◆ **TASK INPUTS**:

□ □ □ □

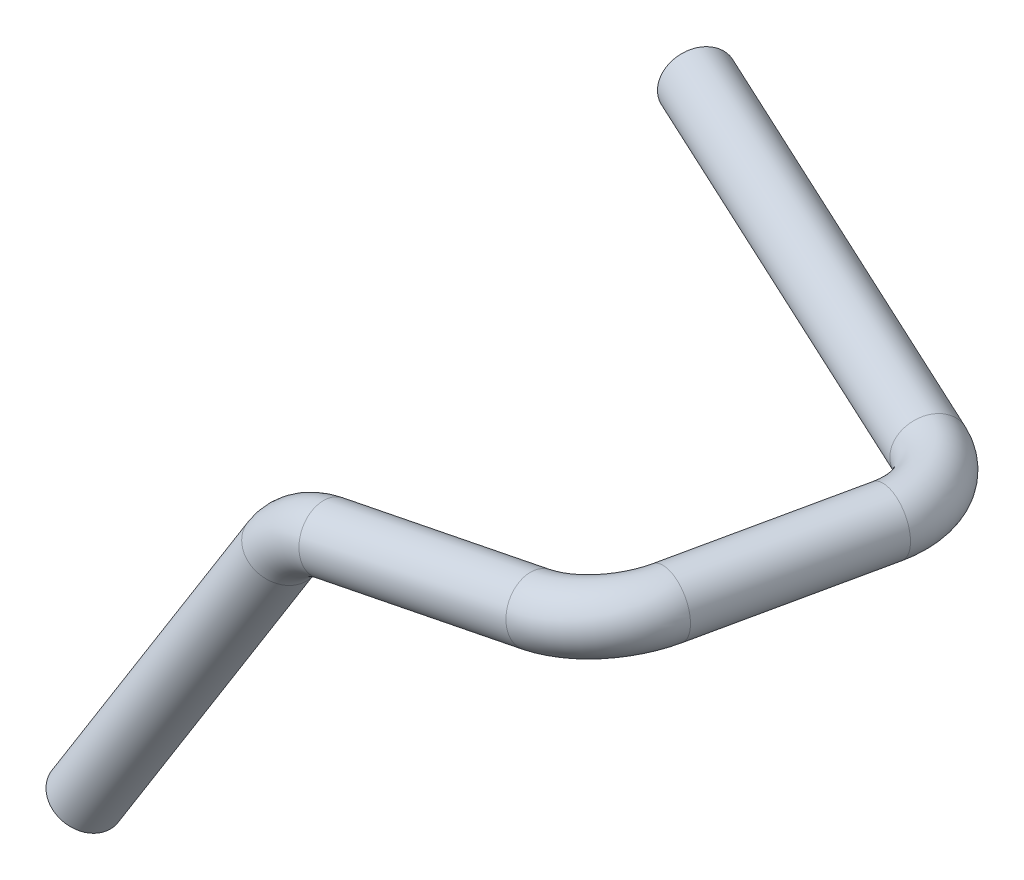
ISO-10303-21;
HEADER;
FILE_DESCRIPTION(('STEP AP214'),'2;1');
FILE_NAME('part.step','',(''),(''),'','','');
FILE_SCHEMA(('AUTOMOTIVE_DESIGN { 1 0 10303 214 1 1 1 1 }'));
ENDSEC;
DATA;
#1=APPLICATION_CONTEXT('core data for automotive mechanical design processes');
#2=APPLICATION_PROTOCOL_DEFINITION('international standard','automotive_design',2000,#1);
#3=PRODUCT_CONTEXT('',#1,'mechanical');
#4=PRODUCT('Part','Part','',(#3));
#5=PRODUCT_RELATED_PRODUCT_CATEGORY('part','',(#4));
#6=PRODUCT_DEFINITION_FORMATION('','',#4);
#7=PRODUCT_DEFINITION_CONTEXT('part definition',#1,'design');
#8=PRODUCT_DEFINITION('design','',#6,#7);
#9=PRODUCT_DEFINITION_SHAPE('','',#8);
#10=(LENGTH_UNIT() NAMED_UNIT(*) SI_UNIT(.MILLI.,.METRE.));
#11=(NAMED_UNIT(*) PLANE_ANGLE_UNIT() SI_UNIT($,.RADIAN.));
#12=(NAMED_UNIT(*) SI_UNIT($,.STERADIAN.) SOLID_ANGLE_UNIT());
#13=UNCERTAINTY_MEASURE_WITH_UNIT(LENGTH_MEASURE(1.E-05),#10,'distance_accuracy_value','');
#14=(GEOMETRIC_REPRESENTATION_CONTEXT(3) GLOBAL_UNCERTAINTY_ASSIGNED_CONTEXT((#13)) GLOBAL_UNIT_ASSIGNED_CONTEXT((#10,
#11,#12)) REPRESENTATION_CONTEXT('',''));
#15=CARTESIAN_POINT('',(0.,0.,0.));
#16=DIRECTION('',(0.,0.,1.));
#17=DIRECTION('',(1.,0.,0.));
#18=AXIS2_PLACEMENT_3D('',#15,#16,#17);
#19=CARTESIAN_POINT('',(-293.907053200826,-176.904078828045,0.));
#20=DIRECTION('',(-0.530756139601212,-0.847524583876844,0.));
#21=DIRECTION('',(0.134753289481936,-0.0843882727234141,0.987279175512457));
#22=AXIS2_PLACEMENT_3D('',#19,#20,#21);
#23=PLANE('',#22);
#24=CARTESIAN_POINT('',(-293.907053200826,-176.904078828045,0.));
#25=DIRECTION('',(-0.530756139601212,-0.847524583876844,0.));
#26=DIRECTION('',(0.134753289481936,-0.0843882727234141,0.987279175512457));
#27=AXIS2_PLACEMENT_3D('',#24,#25,#26);
#28=CIRCLE('',#27,10.);
#29=CARTESIAN_POINT('',(-302.382299039594,-171.596517432033,0.));
#30=VERTEX_POINT('',#29);
#31=EDGE_CURVE('E253',#30,#30,#28,.T.);
#32=ORIENTED_EDGE('',*,*,#31,.F.);
#33=EDGE_LOOP('',(#32));
#34=FACE_BOUND('',#33,.T.);
#35=CARTESIAN_POINT('',(-293.907053200826,-176.904078828045,0.));
#36=DIRECTION('',(-0.530756139601212,-0.847524583876844,0.));
#37=DIRECTION('',(0.847524583876845,-0.530756139601212,0.));
#38=AXIS2_PLACEMENT_3D('',#35,#36,#37);
#39=CIRCLE('',#38,12.);
#40=CARTESIAN_POINT('',(-283.736758194304,-183.273152503259,0.));
#41=VERTEX_POINT('',#40);
#42=EDGE_CURVE('E62',#41,#41,#39,.T.);
#43=ORIENTED_EDGE('',*,*,#42,.T.);
#44=EDGE_LOOP('',(#43));
#45=FACE_BOUND('',#44,.T.);
#46=ADVANCED_FACE('F43',(#34,#45),#23,.T.);
#47=CARTESIAN_POINT('',(-258.99237319652,-16.323468261362,-211.207155938666));
#48=DIRECTION('',(0.906907469997026,0.,0.421329848056833));
#49=DIRECTION('',(0.421329848056833,0.,-0.906907469997026));
#50=AXIS2_PLACEMENT_3D('',#47,#48,#49);
#51=PLANE('',#50);
#52=CARTESIAN_POINT('',(-258.99237319652,-16.323468261362,-211.207155938666));
#53=DIRECTION('',(0.906907469997026,0.,0.421329848056833));
#54=DIRECTION('',(0.421329848056833,0.,-0.906907469997026));
#55=AXIS2_PLACEMENT_3D('',#52,#53,#54);
#56=CIRCLE('',#55,10.);
#57=CARTESIAN_POINT('',(-254.779074715952,-16.323468261362,-220.276230638637));
#58=VERTEX_POINT('',#57);
#59=EDGE_CURVE('E65',#58,#58,#56,.T.);
#60=ORIENTED_EDGE('',*,*,#59,.T.);
#61=EDGE_LOOP('',(#60));
#62=FACE_BOUND('',#61,.T.);
#63=CARTESIAN_POINT('',(-258.99237319652,-16.323468261362,-211.207155938666));
#64=DIRECTION('',(0.906907469997026,0.,0.421329848056833));
#65=DIRECTION('',(0.421329848056833,0.,-0.906907469997026));
#66=AXIS2_PLACEMENT_3D('',#63,#64,#65);
#67=CIRCLE('',#66,12.);
#68=CARTESIAN_POINT('',(-253.936415019838,-16.323468261362,-222.090045578631));
#69=VERTEX_POINT('',#68);
#70=EDGE_CURVE('E11',#69,#69,#67,.T.);
#71=ORIENTED_EDGE('',*,*,#70,.F.);
#72=EDGE_LOOP('',(#71));
#73=FACE_BOUND('',#72,.T.);
#74=ADVANCED_FACE('F139',(#62,#73),#51,.F.);
#75=CARTESIAN_POINT('',(-293.907053200826,-176.904078828045,0.));
#76=DIRECTION('',(0.530756139601212,0.847524583876845,0.));
#77=DIRECTION('',(-0.847524583876845,0.530756139601212,0.));
#78=AXIS2_PLACEMENT_3D('',#75,#76,#77);
#79=CYLINDRICAL_SURFACE('',#78,12.);
#80=CARTESIAN_POINT('',(-215.210942182074,-51.2401745084316,0.));
#81=DIRECTION('',(0.530756139601212,0.847524583876845,0.));
#82=DIRECTION('',(-0.847524583876845,0.530756139601212,0.));
#83=AXIS2_PLACEMENT_3D('',#80,#81,#82);
#84=CIRCLE('',#83,12.);
#85=CARTESIAN_POINT('',(-225.381237188596,-44.871100833217,0.));
#86=VERTEX_POINT('',#85);
#87=EDGE_CURVE('E64',#86,#86,#84,.F.);
#88=ORIENTED_EDGE('',*,*,#87,.T.);
#89=EDGE_LOOP('',(#88));
#90=FACE_BOUND('',#89,.T.);
#91=ORIENTED_EDGE('',*,*,#42,.F.);
#92=EDGE_LOOP('',(#91));
#93=FACE_BOUND('',#92,.T.);
#94=ADVANCED_FACE('F142',(#90,#93),#79,.T.);
#95=CARTESIAN_POINT('',(-189.785204665768,-67.1628586964681,0.));
#96=DIRECTION('',(0.,0.,-1.));
#97=DIRECTION('',(-1.,0.,0.));
#98=AXIS2_PLACEMENT_3D('',#95,#96,#97);
#99=TOROIDAL_SURFACE('',#98,30.,12.);
#100=CARTESIAN_POINT('',(-195.66904996388,-37.7455106768406,0.));
#101=DIRECTION('',(-0.980578267320918,-0.196128176603735,0.));
#102=DIRECTION('',(0.196128176603735,-0.980578267320918,0.));
#103=AXIS2_PLACEMENT_3D('',#100,#101,#102);
#104=CIRCLE('',#103,12.);
#105=CARTESIAN_POINT('',(-198.022588083125,-25.9785714689896,0.));
#106=VERTEX_POINT('',#105);
#107=EDGE_CURVE('E69',#106,#106,#104,.T.);
#108=CARTESIAN_POINT('',(-189.785204665768,-67.1628586964681,0.));
#109=DIRECTION('',(0.,0.,-1.));
#110=DIRECTION('',(-1.,0.,0.));
#111=AXIS2_PLACEMENT_3D('',#108,#109,#110);
#112=CIRCLE('',#111,42.);
#113=EDGE_CURVE('',#86,#106,#112,.T.);
#114=ORIENTED_EDGE('',*,*,#87,.F.);
#115=ORIENTED_EDGE('',*,*,#107,.T.);
#116=ORIENTED_EDGE('',*,*,#113,.T.);
#117=ORIENTED_EDGE('',*,*,#113,.F.);
#118=EDGE_LOOP('',(#114,#116,#115,#117));
#119=FACE_BOUND('',#118,.T.);
#120=ADVANCED_FACE('F148',(#119),#99,.T.);
#121=CARTESIAN_POINT('',(-195.66904996388,-37.7455106768405,0.));
#122=DIRECTION('',(0.980578267320918,0.196128176603737,0.));
#123=DIRECTION('',(-0.196128176603737,0.980578267320918,0.));
#124=AXIS2_PLACEMENT_3D('',#121,#122,#123);
#125=CYLINDRICAL_SURFACE('',#124,12.);
#126=CARTESIAN_POINT('',(-112.434772165673,-21.0975921174252,0.));
#127=DIRECTION('',(0.980578267320918,0.196128176603737,0.));
#128=DIRECTION('',(-0.196128176603737,0.980578267320918,0.));
#129=AXIS2_PLACEMENT_3D('',#126,#127,#128);
#130=CIRCLE('',#129,12.);
#131=CARTESIAN_POINT('',(-112.533874178971,-20.6021136901504,11.9893569435173));
#132=VERTEX_POINT('',#131);
#133=EDGE_CURVE('E83',#132,#132,#130,.F.);
#134=ORIENTED_EDGE('',*,*,#133,.T.);
#135=EDGE_LOOP('',(#134));
#136=FACE_BOUND('',#135,.T.);
#137=ORIENTED_EDGE('',*,*,#107,.F.);
#138=EDGE_LOOP('',(#137));
#139=FACE_BOUND('',#138,.T.);
#140=ADVANCED_FACE('F100',(#136,#139),#125,.T.);
#141=CARTESIAN_POINT('',(-112.187017132428,-22.336288185612,-29.9733923587932));
#142=DIRECTION('',(-0.195954226331949,0.979708571497181,-0.0421076729064874));
#143=DIRECTION('',(-0.980578267320918,-0.196128176603737,0.));
#144=AXIS2_PLACEMENT_3D('',#141,#142,#143);
#145=TOROIDAL_SURFACE('',#144,30.,12.);
#146=CARTESIAN_POINT('',(-83.4517092703334,-16.323468261362,-23.7985985461068));
#147=DIRECTION('',(-0.210089476004418,0.,0.97768216311447));
#148=DIRECTION('',(0.97768216311447,0.,0.210089476004418));
#149=AXIS2_PLACEMENT_3D('',#146,#147,#148);
#150=CIRCLE('',#149,12.);
#151=CARTESIAN_POINT('',(-71.9575861254956,-13.918340291662,-21.3286810210322));
#152=VERTEX_POINT('',#151);
#153=EDGE_CURVE('E59',#152,#152,#150,.T.);
#154=CARTESIAN_POINT('',(-112.187017132428,-22.336288185612,-29.9733923587932));
#155=DIRECTION('',(-0.195954226331949,0.979708571497181,-0.0421076729064874));
#156=DIRECTION('',(-0.980578267320918,-0.196128176603737,0.));
#157=AXIS2_PLACEMENT_3D('',#154,#155,#156);
#158=CIRCLE('',#157,42.);
#159=EDGE_CURVE('',#132,#152,#158,.T.);
#160=ORIENTED_EDGE('',*,*,#133,.F.);
#161=ORIENTED_EDGE('',*,*,#153,.T.);
#162=ORIENTED_EDGE('',*,*,#159,.T.);
#163=ORIENTED_EDGE('',*,*,#159,.F.);
#164=EDGE_LOOP('',(#160,#162,#161,#163));
#165=FACE_BOUND('',#164,.T.);
#166=ADVANCED_FACE('F88',(#165),#145,.T.);
#167=CARTESIAN_POINT('',(-83.4517092703334,-16.323468261362,-23.7985985461067));
#168=DIRECTION('',(0.210089476004422,0.,-0.977682163114469));
#169=DIRECTION('',(-0.977682163114469,0.,-0.210089476004422));
#170=AXIS2_PLACEMENT_3D('',#167,#168,#169);
#171=CYLINDRICAL_SURFACE('',#170,12.);
#172=CARTESIAN_POINT('',(-67.8016970883487,-16.323468261362,-96.628223588955));
#173=DIRECTION('',(0.210089476004422,0.,-0.977682163114469));
#174=DIRECTION('',(-0.977682163114469,0.,-0.210089476004422));
#175=AXIS2_PLACEMENT_3D('',#172,#173,#174);
#176=CIRCLE('',#175,12.);
#177=CARTESIAN_POINT('',(-56.0695111309751,-16.323468261362,-94.107149876902));
#178=VERTEX_POINT('',#177);
#179=EDGE_CURVE('E54',#178,#178,#176,.F.);
#180=ORIENTED_EDGE('',*,*,#179,.T.);
#181=EDGE_LOOP('',(#180));
#182=FACE_BOUND('',#181,.T.);
#183=ORIENTED_EDGE('',*,*,#153,.F.);
#184=EDGE_LOOP('',(#183));
#185=FACE_BOUND('',#184,.T.);
#186=ADVANCED_FACE('F91',(#182,#185),#171,.T.);
#187=CARTESIAN_POINT('',(-97.1321619817828,-16.323468261362,-102.930907869088));
#188=DIRECTION('',(0.,1.,0.));
#189=DIRECTION('',(0.,0.,1.));
#190=AXIS2_PLACEMENT_3D('',#187,#188,#189);
#191=TOROIDAL_SURFACE('',#190,30.,12.);
#192=CARTESIAN_POINT('',(-84.492266540078,-16.323468261362,-130.138131968998));
#193=DIRECTION('',(0.906907469997027,0.,0.421329848056829));
#194=DIRECTION('',(0.421329848056829,0.,-0.906907469997028));
#195=AXIS2_PLACEMENT_3D('',#192,#193,#194);
#196=CIRCLE('',#195,12.);
#197=CARTESIAN_POINT('',(-79.436308363396,-16.323468261362,-141.021021608963));
#198=VERTEX_POINT('',#197);
#199=EDGE_CURVE('E50',#198,#198,#196,.T.);
#200=CARTESIAN_POINT('',(-97.1321619817828,-16.323468261362,-102.930907869088));
#201=DIRECTION('',(0.,1.,0.));
#202=DIRECTION('',(0.,0.,1.));
#203=AXIS2_PLACEMENT_3D('',#200,#201,#202);
#204=CIRCLE('',#203,42.);
#205=EDGE_CURVE('',#178,#198,#204,.T.);
#206=ORIENTED_EDGE('',*,*,#179,.F.);
#207=ORIENTED_EDGE('',*,*,#199,.T.);
#208=ORIENTED_EDGE('',*,*,#205,.T.);
#209=ORIENTED_EDGE('',*,*,#205,.F.);
#210=EDGE_LOOP('',(#206,#208,#207,#209));
#211=FACE_BOUND('',#210,.T.);
#212=ADVANCED_FACE('F93',(#211),#191,.T.);
#213=CARTESIAN_POINT('',(-84.492266540078,-16.323468261362,-130.138131968998));
#214=DIRECTION('',(-0.906907469997026,0.,-0.421329848056833));
#215=DIRECTION('',(-0.421329848056833,0.,0.906907469997026));
#216=AXIS2_PLACEMENT_3D('',#213,#214,#215);
#217=CYLINDRICAL_SURFACE('',#216,12.);
#218=ORIENTED_EDGE('',*,*,#70,.T.);
#219=EDGE_LOOP('',(#218));
#220=FACE_BOUND('',#219,.T.);
#221=ORIENTED_EDGE('',*,*,#199,.F.);
#222=EDGE_LOOP('',(#221));
#223=FACE_BOUND('',#222,.T.);
#224=ADVANCED_FACE('F45',(#220,#223),#217,.T.);
#225=CARTESIAN_POINT('',(-293.907053200826,-176.904078828045,0.));
#226=DIRECTION('',(0.530756139601212,0.847524583876845,0.));
#227=DIRECTION('',(-0.847524583876845,0.530756139601212,0.));
#228=AXIS2_PLACEMENT_3D('',#225,#226,#227);
#229=CYLINDRICAL_SURFACE('',#228,10.);
#230=CARTESIAN_POINT('',(-215.210942182074,-51.2401745084317,0.));
#231=DIRECTION('',(-0.530756139601212,-0.847524583876844,0.));
#232=DIRECTION('',(0.134753289481936,-0.0843882727234141,0.987279175512457));
#233=AXIS2_PLACEMENT_3D('',#230,#231,#232);
#234=CIRCLE('',#233,10.);
#235=CARTESIAN_POINT('',(-223.686188020842,-45.9326131124195,0.));
#236=VERTEX_POINT('',#235);
#237=EDGE_CURVE('E254',#236,#236,#234,.T.);
#238=CARTESIAN_POINT('',(-223.686188020842,-45.9326131124195,0.));
#239=CARTESIAN_POINT('',(-224.505939177287,-47.2416121157488,0.));
#240=CARTESIAN_POINT('',(-225.325690333733,-48.5506111190781,0.));
#241=CARTESIAN_POINT('',(-226.965192646623,-51.1686091257368,0.));
#242=CARTESIAN_POINT('',(-227.784943803069,-52.477608129066,0.));
#243=CARTESIAN_POINT('',(-229.424446115959,-55.0956061357247,0.));
#244=CARTESIAN_POINT('',(-230.244197272405,-56.404605139054,0.));
#245=CARTESIAN_POINT('',(-231.883699585295,-59.0226031457126,0.));
#246=CARTESIAN_POINT('',(-232.703450741741,-60.3316021490419,0.));
#247=CARTESIAN_POINT('',(-234.342953054631,-62.9496001557005,0.));
#248=CARTESIAN_POINT('',(-235.162704211077,-64.2585991590298,0.));
#249=CARTESIAN_POINT('',(-236.802206523967,-66.8765971656884,0.));
#250=CARTESIAN_POINT('',(-237.621957680413,-68.1855961690177,0.));
#251=CARTESIAN_POINT('',(-239.261459993303,-70.8035941756763,0.));
#252=CARTESIAN_POINT('',(-240.081211149749,-72.1125931790056,0.));
#253=CARTESIAN_POINT('',(-241.720713462639,-74.7305911856642,0.));
#254=CARTESIAN_POINT('',(-242.540464619085,-76.0395901889935,0.));
#255=CARTESIAN_POINT('',(-244.179966931975,-78.6575881956521,0.));
#256=CARTESIAN_POINT('',(-244.999718088421,-79.9665871989814,0.));
#257=CARTESIAN_POINT('',(-246.639220401311,-82.5845852056401,0.));
#258=CARTESIAN_POINT('',(-247.458971557757,-83.8935842089693,0.));
#259=CARTESIAN_POINT('',(-249.098473870647,-86.511582215628,0.));
#260=CARTESIAN_POINT('',(-249.918225027093,-87.8205812189573,0.));
#261=CARTESIAN_POINT('',(-251.557727339983,-90.4385792256159,0.));
#262=CARTESIAN_POINT('',(-252.377478496429,-91.7475782289452,0.));
#263=CARTESIAN_POINT('',(-254.016980809319,-94.3655762356038,0.));
#264=CARTESIAN_POINT('',(-254.836731965765,-95.6745752389331,0.));
#265=CARTESIAN_POINT('',(-256.476234278655,-98.2925732455917,0.));
#266=CARTESIAN_POINT('',(-257.295985435101,-99.601572248921,0.));
#267=CARTESIAN_POINT('',(-258.935487747991,-102.21957025558,0.));
#268=CARTESIAN_POINT('',(-259.755238904437,-103.528569258909,0.));
#269=CARTESIAN_POINT('',(-261.394741217327,-106.146567265568,0.));
#270=CARTESIAN_POINT('',(-262.214492373773,-107.455566268897,0.));
#271=CARTESIAN_POINT('',(-263.853994686663,-110.073564275555,0.));
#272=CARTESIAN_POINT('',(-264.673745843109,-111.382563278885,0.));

□ □ □ □

◆ **YOUR ASSIGNMENT**: In the listing above, find the line with "#143=DIRECTION('',(-0.980578267320918,-0.196128176603737,0.));" and the line with "#182=FACE_BOUND('',#181,.T.);"; output exactly those lines and all lines between them.

◆ **SOLUTION**:
#143=DIRECTION('',(-0.980578267320918,-0.196128176603737,0.));
#144=AXIS2_PLACEMENT_3D('',#141,#142,#143);
#145=TOROIDAL_SURFACE('',#144,30.,12.);
#146=CARTESIAN_POINT('',(-83.4517092703334,-16.323468261362,-23.7985985461068));
#147=DIRECTION('',(-0.210089476004418,0.,0.97768216311447));
#148=DIRECTION('',(0.97768216311447,0.,0.210089476004418));
#149=AXIS2_PLACEMENT_3D('',#146,#147,#148);
#150=CIRCLE('',#149,12.);
#151=CARTESIAN_POINT('',(-71.9575861254956,-13.918340291662,-21.3286810210322));
#152=VERTEX_POINT('',#151);
#153=EDGE_CURVE('E59',#152,#152,#150,.T.);
#154=CARTESIAN_POINT('',(-112.187017132428,-22.336288185612,-29.9733923587932));
#155=DIRECTION('',(-0.195954226331949,0.979708571497181,-0.0421076729064874));
#156=DIRECTION('',(-0.980578267320918,-0.196128176603737,0.));
#157=AXIS2_PLACEMENT_3D('',#154,#155,#156);
#158=CIRCLE('',#157,42.);
#159=EDGE_CURVE('',#132,#152,#158,.T.);
#160=ORIENTED_EDGE('',*,*,#133,.F.);
#161=ORIENTED_EDGE('',*,*,#153,.T.);
#162=ORIENTED_EDGE('',*,*,#159,.T.);
#163=ORIENTED_EDGE('',*,*,#159,.F.);
#164=EDGE_LOOP('',(#160,#162,#161,#163));
#165=FACE_BOUND('',#164,.T.);
#166=ADVANCED_FACE('F88',(#165),#145,.T.);
#167=CARTESIAN_POINT('',(-83.4517092703334,-16.323468261362,-23.7985985461067));
#168=DIRECTION('',(0.210089476004422,0.,-0.977682163114469));
#169=DIRECTION('',(-0.977682163114469,0.,-0.210089476004422));
#170=AXIS2_PLACEMENT_3D('',#167,#168,#169);
#171=CYLINDRICAL_SURFACE('',#170,12.);
#172=CARTESIAN_POINT('',(-67.8016970883487,-16.323468261362,-96.628223588955));
#173=DIRECTION('',(0.210089476004422,0.,-0.977682163114469));
#174=DIRECTION('',(-0.977682163114469,0.,-0.210089476004422));
#175=AXIS2_PLACEMENT_3D('',#172,#173,#174);
#176=CIRCLE('',#175,12.);
#177=CARTESIAN_POINT('',(-56.0695111309751,-16.323468261362,-94.107149876902));
#178=VERTEX_POINT('',#177);
#179=EDGE_CURVE('E54',#178,#178,#176,.F.);
#180=ORIENTED_EDGE('',*,*,#179,.T.);
#181=EDGE_LOOP('',(#180));
#182=FACE_BOUND('',#181,.T.);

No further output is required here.